I believe what's being said is that you cannot use HCG as a replacement for TRT. you're correct, I've seen HCG used in the manner you prescribed. Rarely but I've seen it. But you're talking about using it as a part of a restart for making endogenous testosterone and Lupi is saying you can't use it instead of test injections/gel for TRT.


----------



## mistah187 (Aug 3, 2014)

Yes doc exactly thank u for saying it better.


----------



## Steroidal (Aug 5, 2014)

Its not sufficient alone. 

Running HCG to maintain testicular size and production is a good idea at 250-500ius twice per week.


----------



## CJ (Aug 6, 2014)

I just had my bloods done after a three month Dr prescribed run of 900ius/wk of HCG and 75mg/Danazol. This was to try to elevate my free testosterone level, which was being suppressed by high SHBG. 

My pre HCG/Danazol levels were 599 Total Test(348-1197 range), 8.8 Free Test(8.7-25.1 range), 55.8 SHBG(16.5-55.9 range), and 17.2 Estradiol(7.6-42.6 range).

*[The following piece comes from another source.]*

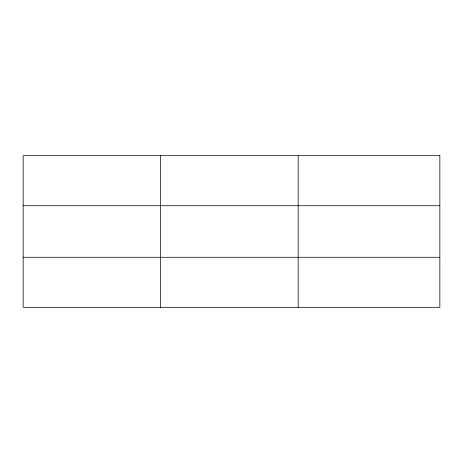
<?xml version="1.0" encoding="UTF-8"?>
<svg xmlns="http://www.w3.org/2000/svg" width="463" height="463" viewBox="0 0 463 463"><rect width="100%" height="100%" fill="white"/><g stroke="black" fill="none" stroke-linecap="round" stroke-linejoin="round"><path stroke-width="0.69" d="M160.661 307.316L160.661 155.684M298.172 307.316L298.172 155.684M23.15 205.722L439.85 205.722M23.15 257.278L439.85 257.278M439.85 155.684L439.85 307.316L23.15 307.316L23.15 155.684L439.85 155.684"/></g></svg>
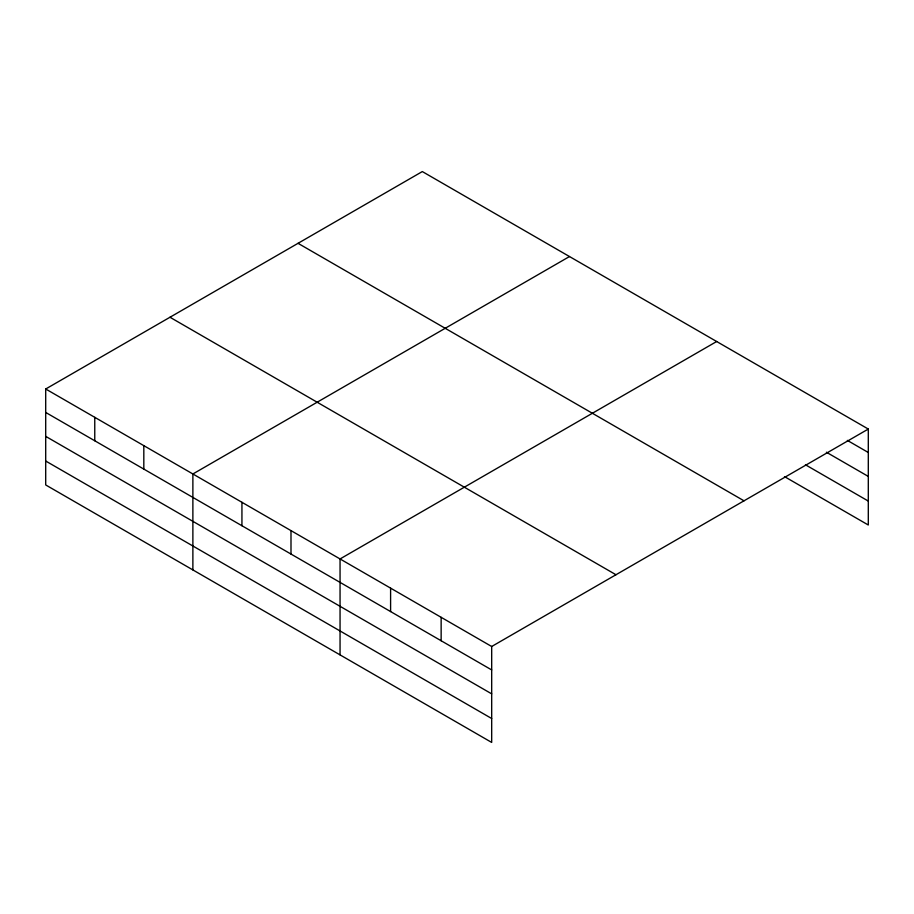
<?xml version="1.0" encoding="UTF-8"?>
<svg xmlns="http://www.w3.org/2000/svg" width="914" height="914" viewBox="0 0 914 914"><rect width="100%" height="100%" fill="white"/><g stroke="black" fill="none" stroke-linecap="round" stroke-linejoin="round"><path stroke-width="1.37" d="M45.7 388.998L491.686 646.495L491.686 742.431L45.7 484.946L45.7 388.998L422.314 171.569L868.3 429.054L868.3 525.002L784.463 476.594M569.491 256.537L192.877 473.978L192.877 569.913M716.667 341.516L340.054 558.945L340.054 654.881M491.686 646.495L868.3 429.054M847.347 440.388L868.3 452.499M826.382 452.224L868.3 476.423M805.428 464.769L868.3 501.066M298.033 243.318L744.019 500.815M169.981 317.249L615.967 574.735M45.7 412.443L491.686 669.928M45.7 436.366L491.686 693.852M45.7 461.022L491.686 718.507M441.142 617.304L441.142 640.748M390.598 588.125L390.598 611.557M290.995 530.623L290.995 554.055M241.936 502.3L241.936 525.733M143.818 445.655L143.818 469.088M94.759 417.321L94.759 440.765"/></g></svg>

My three months later numbers are 132 Total Test, 5.1 Free Test, 23.4 SHBG, and 52.4 Estradiol.

Experiment OVER!!!

I did use peptides, GHRP-2 and CJC No DAC alongside it, so I'm not sure if that had any affect at all.


----------



## DF (Aug 6, 2014)

CJ275 said:


> I just had my bloods done after a three month Dr prescribed run of 900ius/wk of HCG and 75mg/Danazol. This was to try to elevate my free testosterone level, which was being suppressed by high SHBG.
> 
> My pre HCG/Danazol levels were 599 Total Test(348-1197 range), 8.8 Free Test(8.7-25.1 range), 55.8 SHBG(16.5-55.9 range), and 17.2 Estradiol(7.6-42.6 range).
> 
> ...



Well, that didn't go very well.  Sorry to hear CJ.


----------



## TheLupinator (Aug 7, 2014)

CJ275 said:


> I just had my bloods done after a three month Dr prescribed run of 900ius/wk of HCG and 75mg/Danazol. This was to try to elevate my free testosterone level, which was being suppressed by high SHBG.
> 
> My pre HCG/Danazol levels were 599 Total Test(348-1197 range), 8.8 Free Test(8.7-25.1 range), 55.8 SHBG(16.5-55.9 range), and 17.2 Estradiol(7.6-42.6 range).
> 
> ...




That is to be expected and your Doctor is naive for thinking running HCG, without following up with Clomid, would help raise free test. HCG (as Megatron stated) will suppress your body's own LH because HCG mimics LH. That is why HCG is not to be used BY ITSELF for BOOSTING natural testosterone. IT should be used for RESTARTING or merely to keep testes active. Then you need to follow up with a SERM so your body will produce it's own GNRH from the hypothalmus where clomid and nolva block estrogen.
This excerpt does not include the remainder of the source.